Pero también es verdad que, tenerlos tan juntos, tiene sus desventajas problemas prácticos. Como lo de salir a la calle con dos bebés (esto da para otro post… madre mía la tesis que estoy haciendo sobre esto!), o lo de ducharte mientras dos bebés lloran para que acabes (me planteo cortarme el pelo, para tardar menos, no sé cómo lo veis…), o lo de descansar sólo ese poquito que descansábamos (que se convertirá en nada por un tiempo)…

Sin embargo, no son contras. Son, por así decirlo, incomodidades temporales. Si visualizamos la situación pasados un par de años, la cosa cambia bastante.

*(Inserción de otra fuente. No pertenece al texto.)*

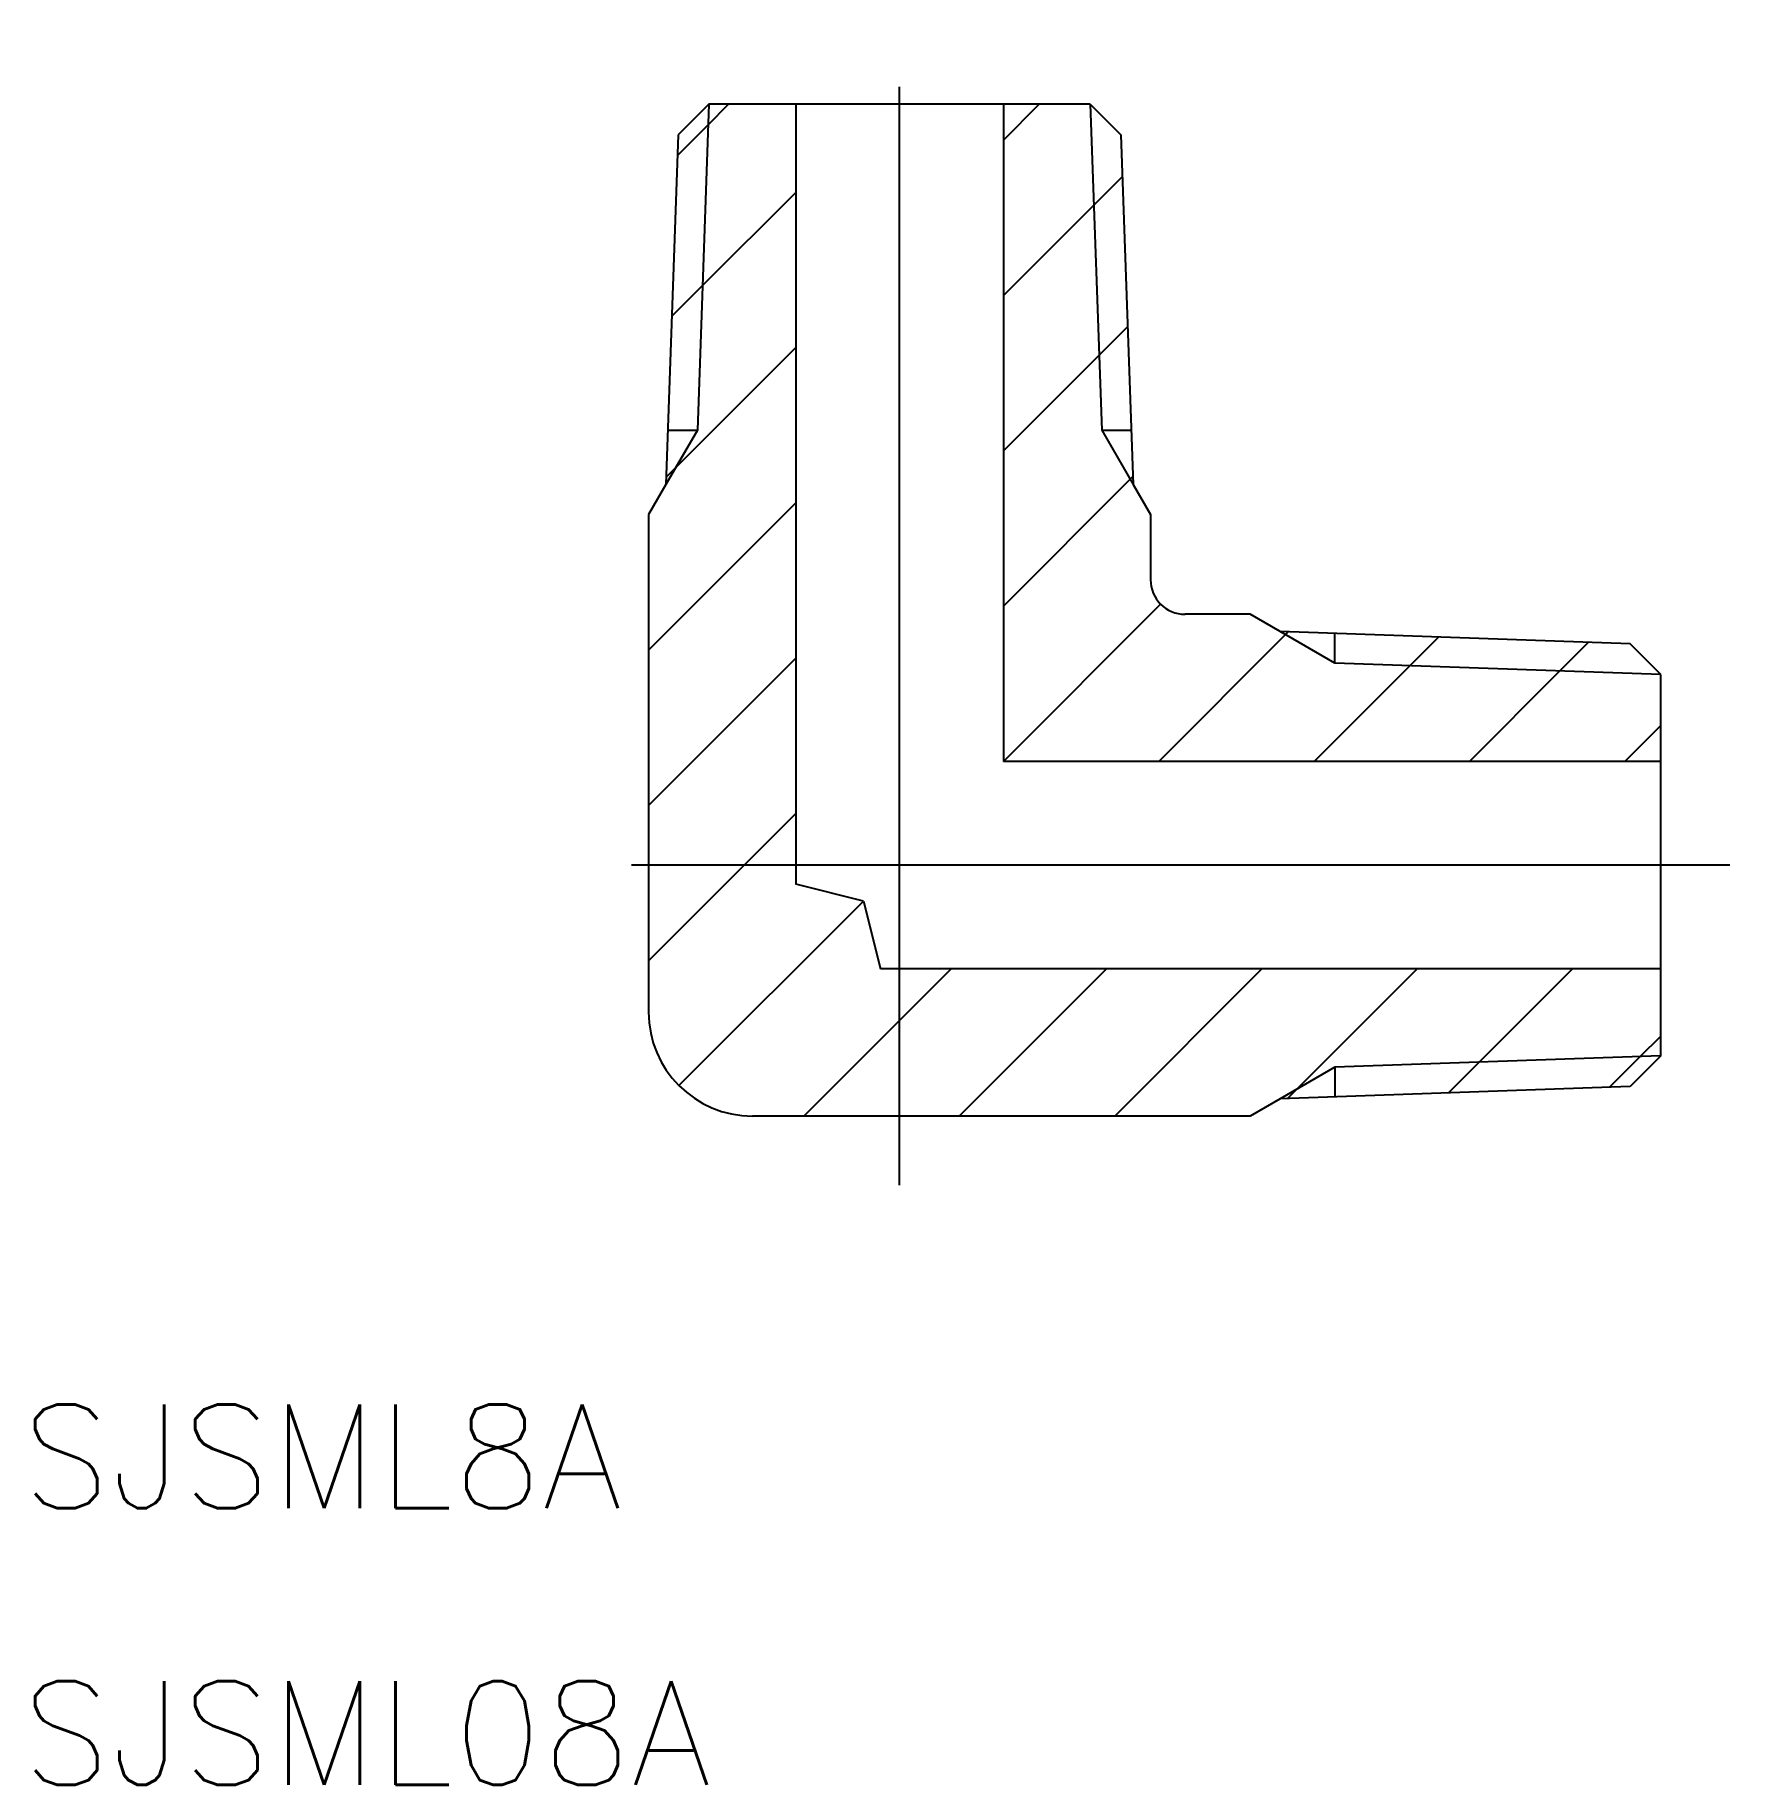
# Model space of a CAD drawing. Extents: x -25 to 24, y -26.6 to 24.
import ezdxf

# ---------------------------------------------------------------- set-up
doc = ezdxf.new("R2010")
doc.units = 0
doc.linetypes.add('CENTER', pattern=[50.8, 31.75, -6.35, 6.35, -6.35])
doc.layers.get('0').update_dxf_attribs({"linetype": 'CONTINUOUS'})
doc.layers.add('CENTER', color=1, linetype='CENTER')
doc.styles.get("Standard").update_dxf_attribs({"font": 'txt.shx', "height": 3, "bigfont": 'bigfont.shx'})

msp = doc.modelspace()

# ---------------------------------------------------------------- linework, layer by layer
at = {"color": 7, "linetype": 'CONTINUOUS'}
for p, q in [((-5.513, 22), (-6.4, 21.113)), ((5.513, 22), (-5.513, 22)), ((-3, 22), (-3, -0.548)), ((3, 22), (3, 3)), ((5.513, 22), (6.4, 21.113)), ((-6.4, 21.113), (-6.753, 11)), ((6.4, 21.113), (6.753, 11)), ((-6.698, 12.578), (-5.842, 12.578)), ((5.842, 12.578), (6.698, 12.578)), ((-6.753, 11), (-7.253, 10.134)), ((6.753, 11), (7.253, 10.134)), ((-7.253, 10.134), (-7.253, -4.253)), ((7.253, 10.134), (7.253, 8.253)), ((10.134, 7.253), (8.253, 7.253)), ((11, 6.753), (10.134, 7.253)), ((21.113, 6.4), (11, 6.753)), ((12.578, 5.842), (12.578, 6.698)), ((22, 5.513), (21.113, 6.4)), ((22, -5.513), (22, 5.513)), ((22, 3), (3, 3)), ((-1.043, -1.043), (-3, -0.548)), ((-1.043, -1.043), (-0.548, -3)), ((22, -3), (-0.548, -3)), ((22, -5.513), (21.113, -6.4)), ((12.578, -5.842), (12.578, -6.698)), ((21.113, -6.4), (11, -6.753)), ((11, -6.753), (10.134, -7.253)), ((10.134, -7.253), (-4.253, -7.253))]:
    msp.add_line(p, q, dxfattribs=at)
at = {"color": 3, "linetype": 'CONTINUOUS'}
for p, q in [((-5.513, 22), (-5.842, 12.578)), ((-5.533, 21.407), (-4.941, 22)), ((3, 20.961), (4.039, 22)), ((5.513, 22), (5.842, 12.578)), ((-6.42, 20.52), (-5.533, 21.407)), ((5.614, 19.085), (6.442, 19.912)), ((-5.696, 16.755), (-3, 19.451)), ((3, 16.47), (5.614, 19.085)), ((-6.583, 15.868), (-5.696, 16.755)), ((5.766, 14.746), (6.593, 15.573)), ((-6.469, 11.492), (-3, 14.961)), ((3, 11.98), (5.766, 14.746)), ((-5.842, 12.578), (-6.753, 11)), ((5.842, 12.578), (6.753, 11)), ((-6.745, 11.215), (-6.469, 11.492)), ((3, 7.49), (6.664, 11.154)), ((6.664, 11.154), (6.745, 11.235)), ((-7.253, 6.218), (-3, 10.47)), ((3, 3), (7.546, 7.546)), ((7.49, 3), (11.154, 6.664)), ((12.578, 5.842), (11, 6.753)), ((11.154, 6.664), (11.235, 6.745)), ((14.746, 5.766), (15.573, 6.593)), ((19.085, 5.614), (19.912, 6.442)), ((-7.253, 1.728), (-3, 5.98)), ((11.98, 3), (14.746, 5.766)), ((22, 5.513), (12.578, 5.842)), ((16.47, 3), (19.085, 5.614)), ((20.961, 3), (22, 4.039)), ((-4.49, 0), (-3, 1.49)), ((-7.253, -2.763), (-4.49, 0)), ((-6.374, -6.374), (-1.043, -1.043)), ((0, -4.49), (1.49, -3)), ((1.728, -7.253), (5.98, -3)), ((6.218, -7.253), (10.47, -3)), ((11.492, -6.469), (14.961, -3)), ((16.755, -5.696), (19.451, -3)), ((-2.763, -7.253), (0, -4.49)), ((21.407, -5.533), (22, -4.941)), ((22, -5.513), (12.578, -5.842)), ((20.52, -6.42), (21.407, -5.533)), ((12.578, -5.842), (11, -6.753)), ((15.868, -6.583), (16.755, -5.696)), ((11.215, -6.745), (11.492, -6.469))]:
    msp.add_line(p, q, dxfattribs=at)
at = {"color": 7, "linetype": 'CONTINUOUS'}
for centre, radius in [((8.253, 8.253), 1), ((-4.253, -4.253), 3)]:
    msp.add_arc(centre, radius, 180, 270, dxfattribs=at)
at = {"layer": 'CENTER', "color": 1, "linetype": 'CENTER'}
for p, q in [((0, -9.253), (0, 24)), ((24, 0), (-9.253, 0))]:
    msp.add_line(p, q, dxfattribs=at)

# ---------------------------------------------------------------- texts
at = {"color": 7, "linetype": 'CONTINUOUS'}
for s, p in [('SJSML8A', (-25.37, -18.594)), ('SJSML08A', (-25.37, -26.594))]:
    msp.add_text(s, height=3, dxfattribs=at).set_placement(p)

doc.saveas('drawing.dxf')

Y ya si nos ponemos con un niño de 10 años y otro de 11, como que te da igual que se lleven año y medio o tres. Y, para ellos, la cosa cambia bastante porque, la verdad, a mí también me hubiera gustado tener un hermano así, mucho más de mi edad. La de cosas que se pueden compartir, ¿no? Hasta están en la misma franja de edad para ir de campamento o a actividades extraescolares!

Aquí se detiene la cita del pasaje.